The Budget maintains core support and adds capital funding through the Agricultural Modernisation Fund but falls short on multi-year certainty and strategic investment. There is no clear commitment on predator management or transparency around previous infrastructure schemes. While payments remain, disappointingly, they do not rise in real terms to match inflation.
NSA Scottish Policy Officer, Faye Bryce says: “In our open letter to Scottish Government, NSA called for multi-year, ring-fenced farm support, protection for LFASS and SUSSS payments, transparency on infrastructure schemes, and investment to reverse the decline in the national flock. We also highlighted wider pressures such as predation, inheritance tax changes and abattoir viability.”

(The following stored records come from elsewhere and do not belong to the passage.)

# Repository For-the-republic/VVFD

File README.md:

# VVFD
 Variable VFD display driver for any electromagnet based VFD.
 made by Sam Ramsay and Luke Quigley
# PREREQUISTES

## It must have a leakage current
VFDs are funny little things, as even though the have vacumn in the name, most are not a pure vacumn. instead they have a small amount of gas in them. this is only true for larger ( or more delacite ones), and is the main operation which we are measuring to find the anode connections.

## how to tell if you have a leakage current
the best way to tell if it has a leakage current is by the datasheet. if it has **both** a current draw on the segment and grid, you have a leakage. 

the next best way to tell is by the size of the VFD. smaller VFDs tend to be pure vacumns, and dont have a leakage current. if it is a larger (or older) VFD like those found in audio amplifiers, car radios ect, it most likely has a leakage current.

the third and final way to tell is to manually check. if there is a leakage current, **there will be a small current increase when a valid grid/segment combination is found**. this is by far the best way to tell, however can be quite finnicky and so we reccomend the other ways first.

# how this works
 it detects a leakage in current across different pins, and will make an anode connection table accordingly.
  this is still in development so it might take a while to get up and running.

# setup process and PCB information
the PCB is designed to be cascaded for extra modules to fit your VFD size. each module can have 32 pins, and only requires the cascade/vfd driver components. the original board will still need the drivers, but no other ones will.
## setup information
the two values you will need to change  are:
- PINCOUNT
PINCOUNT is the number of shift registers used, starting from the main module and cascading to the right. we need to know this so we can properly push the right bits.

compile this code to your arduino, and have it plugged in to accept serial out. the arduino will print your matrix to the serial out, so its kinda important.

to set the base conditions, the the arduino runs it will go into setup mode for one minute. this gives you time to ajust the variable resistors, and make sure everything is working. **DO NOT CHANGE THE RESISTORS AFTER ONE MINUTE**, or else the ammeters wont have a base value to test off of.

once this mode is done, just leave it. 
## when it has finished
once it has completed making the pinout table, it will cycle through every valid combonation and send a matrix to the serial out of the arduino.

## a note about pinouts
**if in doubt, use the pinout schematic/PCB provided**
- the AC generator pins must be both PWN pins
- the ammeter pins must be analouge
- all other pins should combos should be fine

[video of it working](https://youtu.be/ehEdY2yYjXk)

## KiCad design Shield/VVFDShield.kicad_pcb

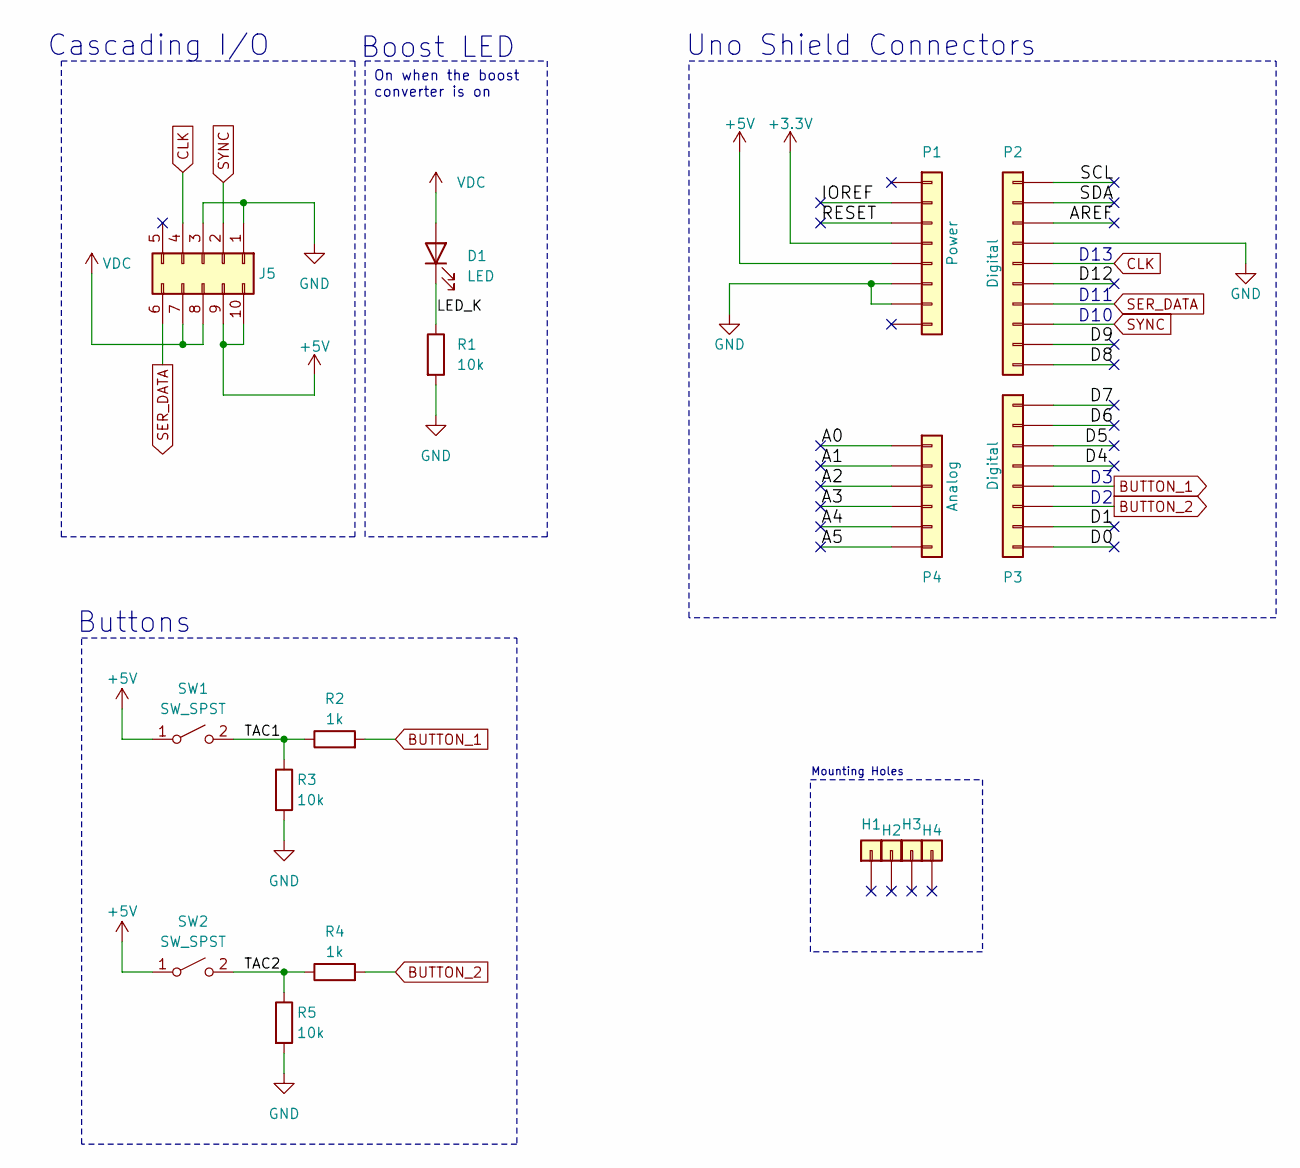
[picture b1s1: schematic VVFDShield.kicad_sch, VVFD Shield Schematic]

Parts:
D1: LED; LED_D5.0mm
H1, H2, H3, H4: CONN_01X01; Mounting_Hole
J5: Conn_02x05_Counter_Clockwise; IDC-Header_2x05_P2.54mm_Vertical; Digikey Part No UC
P1: Power; Socket_Strip_Arduino_1x08
P2: Digital; Socket_Strip_Arduino_1x10
P3: Digital; Socket_Strip_Arduino_1x08
P4: Analog; Socket_Strip_Arduino_1x06
R1, R3, R5: 10k; R_Axial_DIN0207_L6.3mm_D2.5mm_P7.62mm_Horizontal
R2, R4: 1k; R_Axial_DIN0207_L6.3mm_D2.5mm_P7.62mm_Horizontal
SW1, SW2: SW_SPST; SW_PUSH_6mm

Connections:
+3.3V: P1.4
+5V: J5.9, J5.10, P1.5, SW1.1 (A), SW2.1 (A)
/A0: P4.1
/A1: P4.2
/A2: P4.3
/A3: P4.4
/A4: P4.5
/A5: P4.6
/AREF: P2.3
/D0: P3.8
/D1: P3.7
/D4: P3.4
/D5: P3.3
/D6: P3.2
/D7: P3.1
/D8: P2.10
/D9: P2.9
/D12: P2.6
/IOREF: P1.2
/LED_K: D1.1 (K), R1.1
/RESET: P1.3
/SCL: P2.1
/SDA: P2.2
/TAC1: R2.1, R3.1, SW1.2 (B)
/TAC2: R4.1, R5.1, SW2.2 (B)
BUTTON_1: P3.5, R2.2
BUTTON_2: P3.6, R4.2
CLK: J5.4, P2.5
GND: J5.1, J5.3, P1.6, P1.7, P2.4, R1.2, R3.2, R5.2
SER_DATA: J5.6, P2.7
SYNC: J5.2, P2.8
VDC: D1.2 (A), J5.7, J5.8

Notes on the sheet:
Cascading I/O
Uno Shield Connectors
Buttons
Boost LED
D13
Mounting Holes
D10
D11
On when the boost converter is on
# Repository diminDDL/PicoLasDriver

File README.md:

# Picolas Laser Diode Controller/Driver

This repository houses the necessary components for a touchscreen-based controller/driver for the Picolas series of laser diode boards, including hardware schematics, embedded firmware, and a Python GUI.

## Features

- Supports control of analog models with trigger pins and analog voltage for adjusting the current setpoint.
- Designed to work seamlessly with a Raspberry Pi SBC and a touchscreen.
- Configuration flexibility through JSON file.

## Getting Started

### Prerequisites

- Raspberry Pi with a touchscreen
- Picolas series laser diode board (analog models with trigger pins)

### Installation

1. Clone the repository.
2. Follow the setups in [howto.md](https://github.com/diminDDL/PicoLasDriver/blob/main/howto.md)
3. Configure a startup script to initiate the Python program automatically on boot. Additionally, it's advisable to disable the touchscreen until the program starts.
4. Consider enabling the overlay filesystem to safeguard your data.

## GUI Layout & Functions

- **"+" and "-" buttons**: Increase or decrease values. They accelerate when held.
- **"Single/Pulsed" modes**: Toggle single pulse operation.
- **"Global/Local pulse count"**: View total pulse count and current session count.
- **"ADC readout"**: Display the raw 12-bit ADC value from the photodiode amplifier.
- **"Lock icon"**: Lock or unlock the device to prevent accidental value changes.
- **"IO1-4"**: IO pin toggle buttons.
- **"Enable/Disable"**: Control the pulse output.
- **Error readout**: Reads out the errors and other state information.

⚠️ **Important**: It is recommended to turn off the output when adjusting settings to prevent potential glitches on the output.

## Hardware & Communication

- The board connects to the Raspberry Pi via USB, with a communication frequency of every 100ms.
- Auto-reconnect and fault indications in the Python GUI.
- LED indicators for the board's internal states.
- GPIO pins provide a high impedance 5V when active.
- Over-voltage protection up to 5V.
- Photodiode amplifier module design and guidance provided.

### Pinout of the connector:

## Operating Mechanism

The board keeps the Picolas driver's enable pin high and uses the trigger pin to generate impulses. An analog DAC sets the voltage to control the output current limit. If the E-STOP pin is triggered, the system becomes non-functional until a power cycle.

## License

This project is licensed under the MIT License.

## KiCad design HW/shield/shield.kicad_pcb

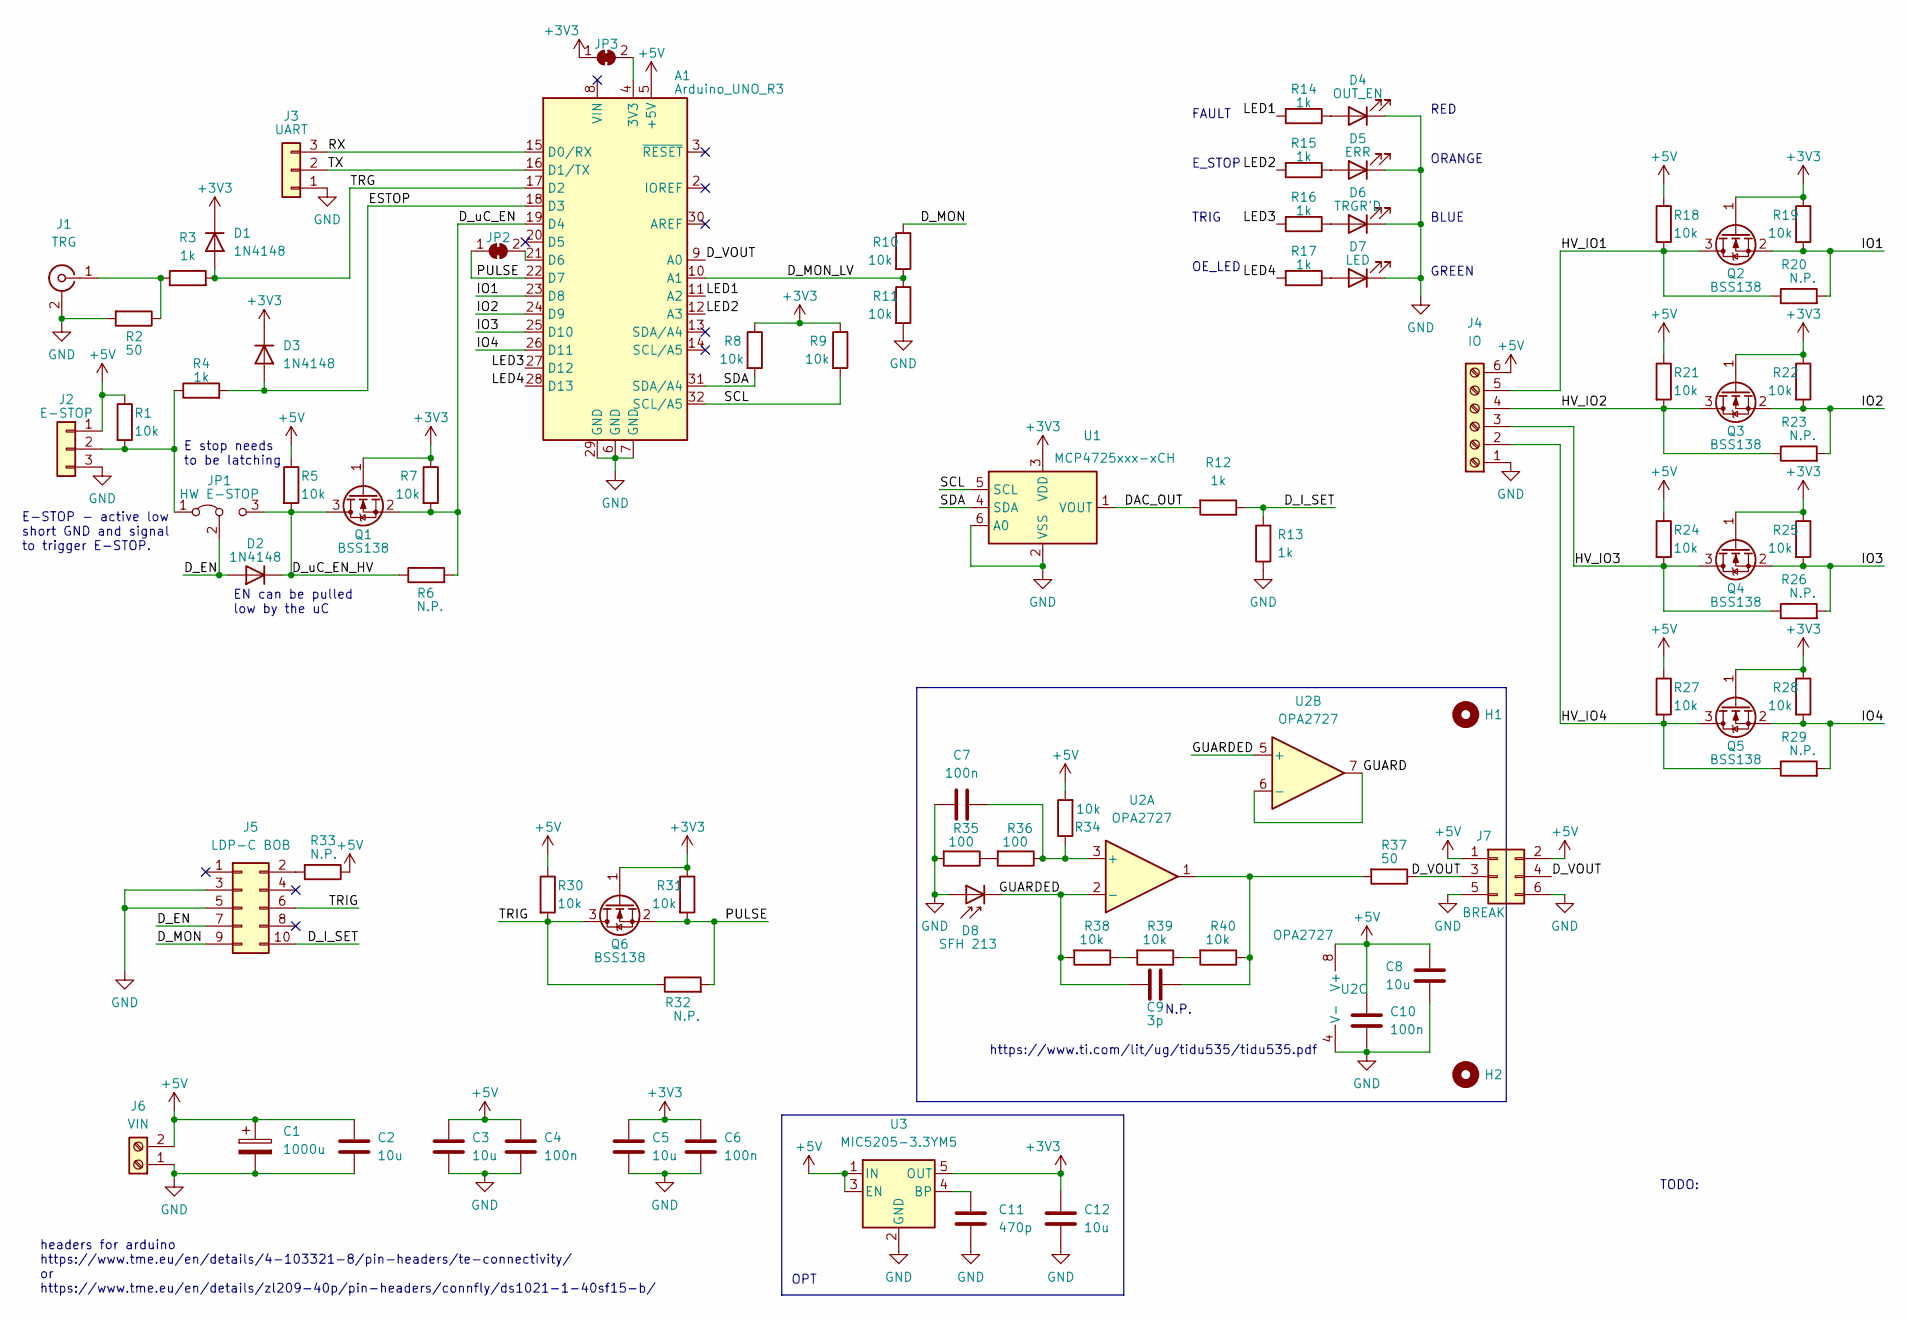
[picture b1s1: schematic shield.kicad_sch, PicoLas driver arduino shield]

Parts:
A1: Arduino_UNO_R3
C1: 1000u; CP_Elec_10x10
C2, C3, C5, C8, C12: 10u; C_0805_2012Metric_Pad1.18x1.45mm_HandSolder
C4, C6, C7, C10: 100n; C_0805_2012Metric_Pad1.18x1.45mm_HandSolder
C9: 3p; C_0805_2012Metric_Pad1.18x1.45mm_HandSolder
C11: 470p; C_0805_2012Metric_Pad1.18x1.45mm_HandSolder
D1, D2, D3: 1N4148; D_SOD-123
D4: OUT_EN; LED_0805_2012Metric_Pad1.15x1.40mm_HandSolder
D5: ERR; LED_0805_2012Metric_Pad1.15x1.40mm_HandSolder
D6: TRGR'D; LED_0805_2012Metric_Pad1.15x1.40mm_HandSolder
D7: LED; LED_0805_2012Metric_Pad1.15x1.40mm_HandSolder
D8: SFH 213; LED_D5.0mm_IRGrey
H1, H2: MountingHole; MountingHole_3.2mm_M3
J1: TRG; SMA_Amphenol_901-144_Vertical
J2: E-STOP; TerminalBlock_Altech_AK300-3_P5.00mm
J3: UART; PinSocket_1x03_P2.54mm_Vertical
J4: IO; Altech_AK300_1x06_P5.00mm_45-Degree
J5: LDP-C BOB; PinHeader_2x05_P2.54mm_Vertical
J6: VIN; TerminalBlock_Altech_AK300-2_P5.00mm
J7: BREAK; PinSocket_2x03_P2.54mm_Vertical
JP1: HW E-STOP; SolderJumper-3_P1.3mm_Bridged12_RoundedPad1.0x1.5mm_NumberL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
JP2, JP3: INTR; SolderJumper-2_P1.3mm_Bridged2Bar_RoundedPad1.0x1.5mm
Q1, Q2, Q3, Q4, Q5, Q6: BSS138; SOT-23
R1, R5, R7, R8, R9, R10, R11, R18, R19, R21, R22, R24, R25, R27, R28, R30, R31, R34, R38, R39, R40: 10k; R_0805_2012Metric_Pad1.20x1.40mm_HandSolder
R2, R37: 50; R_0805_2012Metric_Pad1.20x1.40mm_HandSolder
R3, R4, R12, R13, R14, R15, R16, R17: 1k; R_0805_2012Metric_Pad1.20x1.40mm_HandSolder
R6, R20, R23, R26, R29, R32, R33: N.P.; R_0805_2012Metric_Pad1.20x1.40mm_HandSolder
R35, R36: 100; R_0805_2012Metric_Pad1.20x1.40mm_HandSolder
U1: MCP4725xxx-xCH; SOT-23-6
U2: OPA2727; SO-8_3.9x4.9mm_P1.27mm
U3: MIC5205-3.3YM5; SOT-23-5

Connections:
+3V3: C5.1, C6.1, C12.1, D1.1 (K), D3.1 (K), JP3.1 (A), Q1.1 (G), Q2.1 (G), Q3.1 (G), Q4.1 (G), Q5.1 (G), Q6.1 (G), R7.1, R8.1, R9.1, R19.1, R22.1, R25.1, R28.1, R31.1, U1.3 (VDD), U3.5 (OUT)
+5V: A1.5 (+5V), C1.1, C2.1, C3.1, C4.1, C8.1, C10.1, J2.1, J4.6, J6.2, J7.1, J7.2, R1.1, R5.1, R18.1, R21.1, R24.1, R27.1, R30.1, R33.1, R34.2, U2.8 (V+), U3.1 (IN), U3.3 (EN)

NSA Scotland has reviewed the figures against priorities and calculated what they mean in real terms for sheep farmers.
The values issued by government:
2024–25 outturn: £666.2m
2025–26 Autumn Budget Revision (ABR): £719.0m
2026–27 draft: £703.2m
Adjusted for inflation Office for National Statistics Consumer Prices Index (ONS CPI), the picture changes:
2024–25 to 2025–26: +4.5%
2025–26 to 2026–27: −4.4%
So, after a peak in 2025, support falls back to roughly 2024–25 levels in real terms.
Faye adds: “Cash figures look steady, but inflation means next year’s support is similar to that of two years ago. NSA will keep pressing for clear, practical schemes so payments deliver real benefits, such as better flock health, grazing management and low-carbon improvements. Stability and confidence are vital if we are to keep sheep on Scotland’s hills and uplands.”
NSA will continue to engage with government on behalf of members to ensure future budgets deliver for sheep farmers and rural communities.